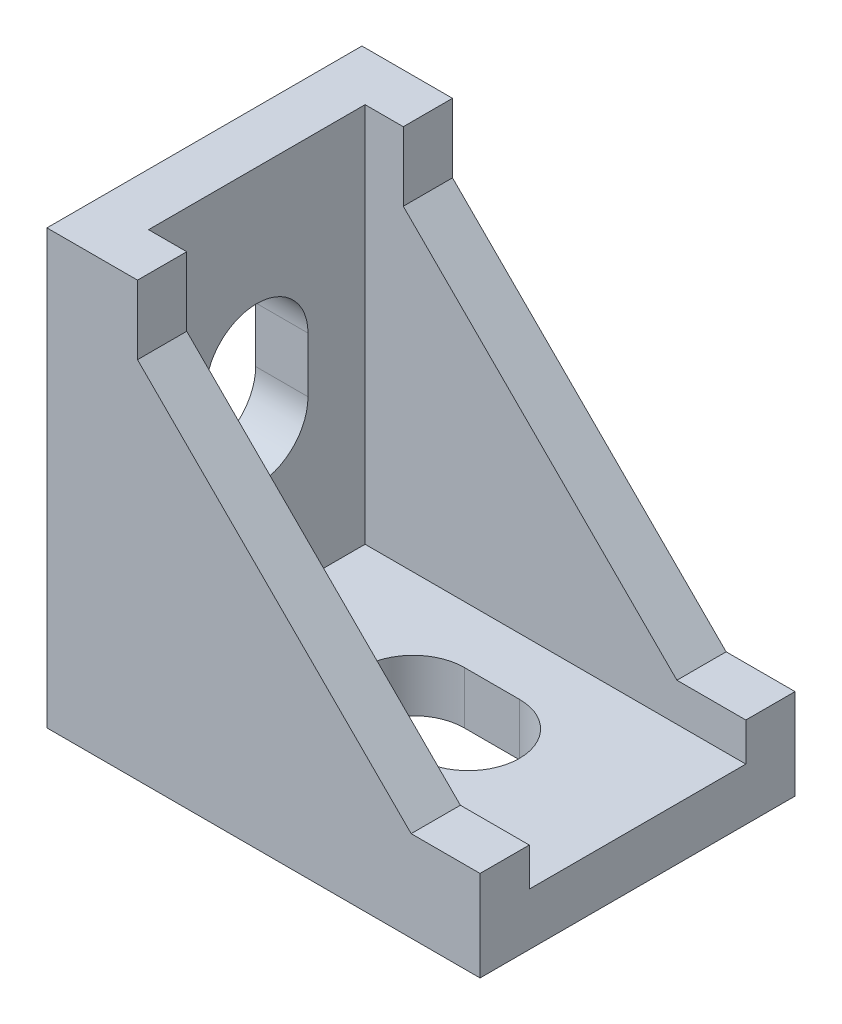
ISO-10303-21;
HEADER;
FILE_DESCRIPTION(('STEP AP214'),'2;1');
FILE_NAME('part.step','',(''),(''),'','','');
FILE_SCHEMA(('AUTOMOTIVE_DESIGN { 1 0 10303 214 1 1 1 1 }'));
ENDSEC;
DATA;
#1=APPLICATION_CONTEXT('core data for automotive mechanical design processes');
#2=APPLICATION_PROTOCOL_DEFINITION('international standard','automotive_design',2000,#1);
#3=PRODUCT_CONTEXT('',#1,'mechanical');
#4=PRODUCT('Part','Part','',(#3));
#5=PRODUCT_RELATED_PRODUCT_CATEGORY('part','',(#4));
#6=PRODUCT_DEFINITION_FORMATION('','',#4);
#7=PRODUCT_DEFINITION_CONTEXT('part definition',#1,'design');
#8=PRODUCT_DEFINITION('design','',#6,#7);
#9=PRODUCT_DEFINITION_SHAPE('','',#8);
#10=(LENGTH_UNIT() NAMED_UNIT(*) SI_UNIT(.MILLI.,.METRE.));
#11=(NAMED_UNIT(*) PLANE_ANGLE_UNIT() SI_UNIT($,.RADIAN.));
#12=(NAMED_UNIT(*) SI_UNIT($,.STERADIAN.) SOLID_ANGLE_UNIT());
#13=UNCERTAINTY_MEASURE_WITH_UNIT(LENGTH_MEASURE(1.E-05),#10,'distance_accuracy_value','');
#14=(GEOMETRIC_REPRESENTATION_CONTEXT(3) GLOBAL_UNCERTAINTY_ASSIGNED_CONTEXT((#13)) GLOBAL_UNIT_ASSIGNED_CONTEXT((#10,
#11,#12)) REPRESENTATION_CONTEXT('',''));
#15=CARTESIAN_POINT('',(0.,0.,0.));
#16=DIRECTION('',(0.,0.,1.));
#17=DIRECTION('',(1.,0.,0.));
#18=AXIS2_PLACEMENT_3D('',#15,#16,#17);
#19=CARTESIAN_POINT('',(5.842,27.94,-20.32));
#20=DIRECTION('',(1.,0.,0.));
#21=DIRECTION('',(0.,1.,0.));
#22=AXIS2_PLACEMENT_3D('',#19,#20,#21);
#23=PLANE('',#22);
#24=DIRECTION('',(0.,-1.,0.));
#25=VECTOR('',#24,1.);
#26=CARTESIAN_POINT('',(5.842,27.94,-3.175));
#27=LINE('',#26,#25);
#28=CARTESIAN_POINT('',(5.842,27.94,-3.175));
#29=VERTEX_POINT('',#28);
#30=CARTESIAN_POINT('',(5.842,23.495,-3.175));
#31=VERTEX_POINT('',#30);
#32=EDGE_CURVE('E277',#29,#31,#27,.T.);
#33=ORIENTED_EDGE('',*,*,#32,.F.);
#34=DIRECTION('',(0.,0.,1.));
#35=VECTOR('',#34,1.);
#36=CARTESIAN_POINT('',(5.842,27.94,-20.32));
#37=LINE('',#36,#35);
#38=CARTESIAN_POINT('',(5.842,27.94,0.));
#39=VERTEX_POINT('',#38);
#40=EDGE_CURVE('E238',#29,#39,#37,.T.);
#41=ORIENTED_EDGE('',*,*,#40,.T.);
#42=DIRECTION('',(0.,1.,0.));
#43=VECTOR('',#42,1.);
#44=CARTESIAN_POINT('',(5.842,27.94,0.));
#45=LINE('',#44,#43);
#46=CARTESIAN_POINT('',(5.842,23.495,0.));
#47=VERTEX_POINT('',#46);
#48=EDGE_CURVE('E257',#47,#39,#45,.T.);
#49=ORIENTED_EDGE('',*,*,#48,.F.);
#50=DIRECTION('',(0.,0.,1.));
#51=VECTOR('',#50,1.);
#52=CARTESIAN_POINT('',(5.842,23.495,-20.32));
#53=LINE('',#52,#51);
#54=EDGE_CURVE('E233',#31,#47,#53,.T.);
#55=ORIENTED_EDGE('',*,*,#54,.F.);
#56=EDGE_LOOP('',(#33,#41,#49,#55));
#57=FACE_BOUND('',#56,.T.);
#58=ADVANCED_FACE('F45',(#57),#23,.T.);
#59=CARTESIAN_POINT('',(5.842,23.495,-20.32));
#60=DIRECTION('',(0.707106781186548,0.707106781186548,0.));
#61=DIRECTION('',(-0.707106781186548,0.707106781186548,0.));
#62=AXIS2_PLACEMENT_3D('',#59,#60,#61);
#63=PLANE('',#62);
#64=DIRECTION('',(0.707106781186548,-0.707106781186548,0.));
#65=VECTOR('',#64,1.);
#66=CARTESIAN_POINT('',(5.842,23.495,-3.175));
#67=LINE('',#66,#65);
#68=CARTESIAN_POINT('',(23.495,5.842,-3.175));
#69=VERTEX_POINT('',#68);
#70=EDGE_CURVE('E306',#31,#69,#67,.T.);
#71=ORIENTED_EDGE('',*,*,#70,.F.);
#72=ORIENTED_EDGE('',*,*,#54,.T.);
#73=DIRECTION('',(-0.707106781186548,0.707106781186548,0.));
#74=VECTOR('',#73,1.);
#75=CARTESIAN_POINT('',(5.842,23.495,0.));
#76=LINE('',#75,#74);
#77=CARTESIAN_POINT('',(23.495,5.842,0.));
#78=VERTEX_POINT('',#77);
#79=EDGE_CURVE('E261',#78,#47,#76,.T.);
#80=ORIENTED_EDGE('',*,*,#79,.F.);
#81=DIRECTION('',(0.,0.,1.));
#82=VECTOR('',#81,1.);
#83=CARTESIAN_POINT('',(23.495,5.842,-20.32));
#84=LINE('',#83,#82);
#85=EDGE_CURVE('E228',#69,#78,#84,.T.);
#86=ORIENTED_EDGE('',*,*,#85,.F.);
#87=EDGE_LOOP('',(#71,#72,#80,#86));
#88=FACE_BOUND('',#87,.T.);
#89=ADVANCED_FACE('F440',(#88),#63,.T.);
#90=CARTESIAN_POINT('',(23.495,5.842,-20.32));
#91=DIRECTION('',(0.,1.,0.));
#92=DIRECTION('',(-1.,0.,0.));
#93=AXIS2_PLACEMENT_3D('',#90,#91,#92);
#94=PLANE('',#93);
#95=DIRECTION('',(1.,0.,0.));
#96=VECTOR('',#95,1.);
#97=CARTESIAN_POINT('',(23.495,5.842,-3.175));
#98=LINE('',#97,#96);
#99=CARTESIAN_POINT('',(27.94,5.842,-3.175));
#100=VERTEX_POINT('',#99);
#101=EDGE_CURVE('E309',#69,#100,#98,.T.);
#102=ORIENTED_EDGE('',*,*,#101,.F.);
#103=ORIENTED_EDGE('',*,*,#85,.T.);
#104=DIRECTION('',(-1.,0.,0.));
#105=VECTOR('',#104,1.);
#106=CARTESIAN_POINT('',(23.495,5.842,0.));
#107=LINE('',#106,#105);
#108=CARTESIAN_POINT('',(27.94,5.842,0.));
#109=VERTEX_POINT('',#108);
#110=EDGE_CURVE('E265',#109,#78,#107,.T.);
#111=ORIENTED_EDGE('',*,*,#110,.F.);
#112=DIRECTION('',(0.,0.,1.));
#113=VECTOR('',#112,1.);
#114=CARTESIAN_POINT('',(27.94,5.842,-20.32));
#115=LINE('',#114,#113);
#116=EDGE_CURVE('E222',#100,#109,#115,.T.);
#117=ORIENTED_EDGE('',*,*,#116,.F.);
#118=EDGE_LOOP('',(#102,#103,#111,#117));
#119=FACE_BOUND('',#118,.T.);
#120=ADVANCED_FACE('F447',(#119),#94,.T.);
#121=CARTESIAN_POINT('',(27.94,0.,-20.32));
#122=DIRECTION('',(0.,-1.,0.));
#123=DIRECTION('',(1.,0.,0.));
#124=AXIS2_PLACEMENT_3D('',#121,#122,#123);
#125=PLANE('',#124);
#126=CARTESIAN_POINT('',(13.462,0.,-10.16));
#127=DIRECTION('',(0.,1.,0.));
#128=DIRECTION('',(-1.,0.,0.));
#129=AXIS2_PLACEMENT_3D('',#126,#127,#128);
#130=CIRCLE('',#129,3.302);
#131=CARTESIAN_POINT('',(13.462,0.,-13.462));
#132=VERTEX_POINT('',#131);
#133=CARTESIAN_POINT('',(13.462,0.,-6.858));
#134=VERTEX_POINT('',#133);
#135=EDGE_CURVE('E378',#132,#134,#130,.T.);
#136=ORIENTED_EDGE('',*,*,#135,.T.);
#137=DIRECTION('',(1.,0.,0.));
#138=VECTOR('',#137,1.);
#139=CARTESIAN_POINT('',(13.462,0.,-6.858));
#140=LINE('',#139,#138);
#141=CARTESIAN_POINT('',(17.018,0.,-6.858));
#142=VERTEX_POINT('',#141);
#143=EDGE_CURVE('E397',#134,#142,#140,.T.);
#144=ORIENTED_EDGE('',*,*,#143,.T.);
#145=CARTESIAN_POINT('',(17.018,0.,-10.16));
#146=DIRECTION('',(0.,1.,0.));
#147=DIRECTION('',(-1.,0.,0.));
#148=AXIS2_PLACEMENT_3D('',#145,#146,#147);
#149=CIRCLE('',#148,3.302);
#150=CARTESIAN_POINT('',(17.018,0.,-13.462));
#151=VERTEX_POINT('',#150);
#152=EDGE_CURVE('E393',#142,#151,#149,.T.);
#153=ORIENTED_EDGE('',*,*,#152,.T.);
#154=DIRECTION('',(-1.,0.,0.));
#155=VECTOR('',#154,1.);
#156=CARTESIAN_POINT('',(13.462,0.,-13.462));
#157=LINE('',#156,#155);
#158=EDGE_CURVE('E366',#151,#132,#157,.T.);
#159=ORIENTED_EDGE('',*,*,#158,.T.);
#160=EDGE_LOOP('',(#136,#144,#153,#159));
#161=FACE_BOUND('',#160,.T.);
#162=DIRECTION('',(1.,0.,0.));
#163=VECTOR('',#162,1.);
#164=CARTESIAN_POINT('',(27.94,0.,0.));
#165=LINE('',#164,#163);
#166=CARTESIAN_POINT('',(0.,0.,0.));
#167=VERTEX_POINT('',#166);
#168=CARTESIAN_POINT('',(27.94,0.,0.));
#169=VERTEX_POINT('',#168);
#170=EDGE_CURVE('E273',#167,#169,#165,.T.);
#171=ORIENTED_EDGE('',*,*,#170,.F.);
#172=DIRECTION('',(0.,0.,1.));
#173=VECTOR('',#172,1.);
#174=CARTESIAN_POINT('',(0.,0.,-20.32));
#175=LINE('',#174,#173);
#176=CARTESIAN_POINT('',(0.,0.,-20.32));
#177=VERTEX_POINT('',#176);
#178=EDGE_CURVE('E198',#177,#167,#175,.T.);
#179=ORIENTED_EDGE('',*,*,#178,.F.);
#180=DIRECTION('',(1.,0.,0.));
#181=VECTOR('',#180,1.);
#182=CARTESIAN_POINT('',(27.94,0.,-20.32));
#183=LINE('',#182,#181);
#184=CARTESIAN_POINT('',(27.94,0.,-20.32));
#185=VERTEX_POINT('',#184);
#186=EDGE_CURVE('E252',#177,#185,#183,.T.);
#187=ORIENTED_EDGE('',*,*,#186,.T.);
#188=DIRECTION('',(0.,0.,1.));
#189=VECTOR('',#188,1.);
#190=CARTESIAN_POINT('',(27.94,0.,-20.32));
#191=LINE('',#190,#189);
#192=EDGE_CURVE('E219',#185,#169,#191,.T.);
#193=ORIENTED_EDGE('',*,*,#192,.T.);
#194=EDGE_LOOP('',(#171,#179,#187,#193));
#195=FACE_BOUND('',#194,.T.);
#196=ADVANCED_FACE('F47',(#161,#195),#125,.T.);
#197=CARTESIAN_POINT('',(0.,0.,-20.32));
#198=DIRECTION('',(-1.,0.,0.));
#199=DIRECTION('',(0.,0.,1.));
#200=AXIS2_PLACEMENT_3D('',#197,#198,#199);
#201=PLANE('',#200);
#202=CARTESIAN_POINT('',(0.,13.462,-10.16));
#203=DIRECTION('',(-1.,0.,0.));
#204=DIRECTION('',(0.,0.,1.));
#205=AXIS2_PLACEMENT_3D('',#202,#203,#204);
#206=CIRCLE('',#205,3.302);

Work instruction: In the entries above, one line contains "#187=ORIENTED_EDGE('',*,*,#186,.T.);" and another contains "#195=FACE_BOUND('',#194,.T.);". Reproduce exactly those two lines and the lines between them, nothing else.

Exercise response:
#187=ORIENTED_EDGE('',*,*,#186,.T.);
#188=DIRECTION('',(0.,0.,1.));
#189=VECTOR('',#188,1.);
#190=CARTESIAN_POINT('',(27.94,0.,-20.32));
#191=LINE('',#190,#189);
#192=EDGE_CURVE('E219',#185,#169,#191,.T.);
#193=ORIENTED_EDGE('',*,*,#192,.T.);
#194=EDGE_LOOP('',(#171,#179,#187,#193));
#195=FACE_BOUND('',#194,.T.);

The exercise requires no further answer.